What the exercise asks:
Please return every line of the records below that holds the word "circle".

Records for processing:
——————————

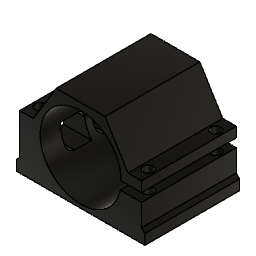
Frugy (Autodesk Fusion 360 archive; units mm, degrees)
design "BRACKET MOTOR JGA25-370 Rv Version"
Autodesk Fusion 360 part; units mm, degrees
sketch "Sketch1" plane through (0, 0, 0) normal (0, 1, 0) x (1, 0, 0)
  line L0 (-7.2239, -14.083) -> (-14, -3)
  line L1 (-18, -3) -> (-14, -3)
  line L2 (-18, -3) -> (-18, 0)
  line L3 (0, 4) -> (0, 6)
  line L4 (0, 12) -> (-19, 12)
  line L5 (-19, 12) -> (-19, 10)
  line L6 (-19, 10) -> (-18, 9)
  line L7 (-18, 9) -> (-18, 0)
  line L8 (7.2239, -14.083) -> (14, -3)
  line L9 (18, -3) -> (14, -3)
  line L10 (18, -3) -> (18, 0)
  line L11 (18, 9) -> (18, 2.5)
  line L12 (19, 10) -> (18, 9)
  line L13 (19, 12) -> (19, 10)
  line L14 (0, 12) -> (19, 12)
  line L15 (-7.2239, -14.083) -> (7.2239, -14.083)
  line L16 (12, 0) -> (18, 0)
  line L17 (11.7367, 2.5) -> (18, 2.5)
  arc A0 (11.7367, 2.5) -> (12, 0) centre (0, 0) ccw
  dimension "d1" = 24
  dimension "d6" = 4
  dimension "d8" = 2.5
  constraint coincident A0.centre origin
  constraint perpendicular L1 L2
  constraint vertical L3
  constraint coincident L4.start A0
  constraint horizontal L4
  constraint perpendicular L4 L5
  constraint symmetric L0.start L3 L8.start
  constraint symmetric L1.start L3 L9.start
  constraint symmetric L0.end L3 L8.end
  constraint symmetric L2.end L3 L10.end
  constraint symmetric L3 L4.start L14.start
  constraint symmetric L3 L4.end L13.start
  constraint symmetric L3 L5.end L12.start
  constraint symmetric L3 L6.end L11.start
  constraint perpendicular L10 L16
  constraint perpendicular L11 L17
  measures "d1" diameter of A0
  measures "d6" distance of L1.start L0.end
  measures "d8" distance of L16 L17
extrude "Extrude1" add sketch "Sketch1" along normal blind 30
sketch "Sketch3" plane through (0, 0, 3) normal (0, 0, 1) x (-1, 0, 0)
  line L0 (18, 0) -> (14, 0)
  line L1 (14, 0) -> (14, -30)
  line L2 (14, -30) -> (18, -30)
  line L3 (18, -30) -> (18, 0)
  circle A0 centre (16, -26) radius 1.5
  circle A1 centre (16, -6) radius 1.5
  line L4 (-18, 0) -> (-14, 0)
  line L5 (-14, -30) -> (-18, -30)
  circle A2 centre (-16, -6) radius 1.5
  line L6 (-14, 0) -> (-14, -30)
  circle A3 centre (-16, -26) radius 1.5
  dimension "d14" = 2
  dimension "d15" = 4
  dimension "d16" = 3
  dimension "d17" = 2
  dimension "d33" = 6
  dimension "d38" = 6
  dimension "d40" = 2
  dimension "d41" = 3
  dimension "d42" = 3
  dimension "d43" = 2
  dimension "d44" = 3
  dimension "d45" = 4
  dimension "d46" = 2
  measures "d14" distance of L1 A0.centre
  measures "d15" distance of L2 A0.centre
  measures "d16" diameter of A0
  measures "d17" distance of L3 A0.centre
  measures "d33" distance of L0 A1.centre
  measures "d38" distance of L4 A2.centre
  measures "d40" distance of A2.centre L6
  measures "d41" diameter of A1
  measures "d42" diameter of A2
  measures "d43" distance of L1 A1.centre
  measures "d44" diameter of A3
  measures "d45" distance of L5 A3.centre
  measures "d46" distance of L6 A3.centre
extrude "Extrude3" cut sketch "Sketch3" against normal blind 19 contours A0 | A1
sketch "Sketch4" plane through (-18, 0, 0) normal (-1, 0, 0) x (0, -1, 0)
  line L0 (0, -9) -> (0, 0)
  line L1 (0, 0) -> (-30, 0)
  line L2 (-30, 0) -> (-30, -9)
  line L3 (-30, -9) -> (0, -9)
  line L4 (-13, 0) -> (-8, 0)
  line L5 (-8, 0) -> (-8, -5)
  line L6 (-19, -7) -> (-24, -7)
  line L7 (-24, -7) -> (-24, -2)
  arc A0 (-22, 0) -> (-24, -2) centre (-22, -2) ccw
  arc A1 (-10, -7) -> (-8, -5) centre (-10, -5) ccw
  line L8 (-15, -2) -> (-15, -7)
  line L9 (-17, 0) -> (-17, -5)
  arc A2 (-19, -7) -> (-17, -5) centre (-19, -5) ccw
  line L10 (-15, -7) -> (-10, -7)
  arc A3 (-13, 0) -> (-15, -2) centre (-13, -2) ccw
  line L11 (-22, 0) -> (-17, 0)
  dimension "d20" = 2
  dimension "d23" = 6
  dimension "d24" = 8
  dimension "d27" = 2
  dimension "d28" = 2
  dimension "d47" = 2
  constraint horizontal L4
  constraint vertical L5
  constraint horizontal L6
  constraint vertical L7
  constraint tangent L4 A0
  constraint tangent L7 A0
  constraint tangent L6 A1
  constraint tangent L5 A1
  constraint equal A0 A1
  constraint coincident L6 A1.start
  constraint tangent L6 A2
  constraint tangent L9 A2
  constraint tangent A1 L10
  constraint coincident L4 A0.start
  constraint tangent L4 A3
  constraint tangent L8 A3
  measures "d20" radius of A0
  measures "d23" distance of L2 L7
  measures "d24" distance of L0 L5
  measures "d27" radius of A2
  measures "d28" radius of A3
  measures "d47" distance of L8 L9
extrude "Extrude5" cut sketch "Sketch4" against normal blind 10 contours L1 L4 L5 A1 L8 L10 A3 | L1 L6 L7 A0 L9 A2 L11
extrude "Extrude6" add 2 faces at (6.3333, 20, -12) (-4.9202, 12.2817, -12) along direction (0, 0, -1) blind 3
extrude "Extrude7" cut sketch "Sketch3" against normal blind 21 contours A2 | A3
extrude "Extrude8" cut 1 faces at (-15.86, 0, -4.0491) along direction (0, 1, 0) blind 2
sketch "Sketch6" plane through (0, 30, 0) normal (0, 1, 0) x (-1, 0, 0)
  arc A0 (-11.7367, -2.5) -> (-12, 0) centre (0, 0) ccw
  line L0 (-11.7367, -2.5) -> (-18, -2.5)
  line L1 (-18, -2.5) -> (-18, -9)
  line L2 (-18, -9) -> (-19, -10)
  line L3 (-19, -10) -> (-19, -15)
  line L4 (-19, -15) -> (19, -15)
  line L5 (19, -15) -> (19, -10)
  line L6 (19, -10) -> (18, -9)
  line L7 (18, -9) -> (18, 0)
  line L8 (18, 0) -> (18, 3)
  line L9 (18, 3) -> (14, 3)
  line L10 (14, 3) -> (7.2239, 14.083)
  line L11 (7.2239, 14.083) -> (-7.2239, 14.083)
  line L12 (-7.2239, 14.083) -> (-14, 3)
  line L13 (-14, 3) -> (-18, 3)
  line L14 (-18, 3) -> (-18, 0)
  line L15 (-18, 0) -> (-12, 0)
  line L16 (-19, -13) -> (19, -13)
  line L17 (0, -12) -> (0.2, -12)
  line L18 (-19, -15) -> (19, -15)
  line L19 (19, -13) -> (19, -15)
  line L20 (-19, -13) -> (-19, -15)
  dimension "d53" = 1
  dimension "d54" = 38
  dimension "d55" = 38
  dimension "d56" = 2
  constraint coincident L3 L16.start
  constraint coincident L5 L16.end
  constraint perpendicular L5 L16
  constraint coincident A0 L17.start
  constraint horizontal L17
  constraint coincident L3.end L4.start
  constraint coincident L4.end L5.start
  measures "d53" distance of L16 L17
  measures "d54" distance of L16.start L16.end
  measures "d55" distance of L3.end L4.end
  measures "d56" distance of L16.start L3.end
extrude "Extrude9" cut sketch "Sketch6" against normal blind 50 contours L3 L4 L5 L16 L18 L19 L20
named bodies: "BRACKET MOTOR"

——————————

Written solution:
  circle A0 centre (16, -26) radius 1.5
  circle A1 centre (16, -6) radius 1.5
  circle A2 centre (-16, -6) radius 1.5
  circle A3 centre (-16, -26) radius 1.5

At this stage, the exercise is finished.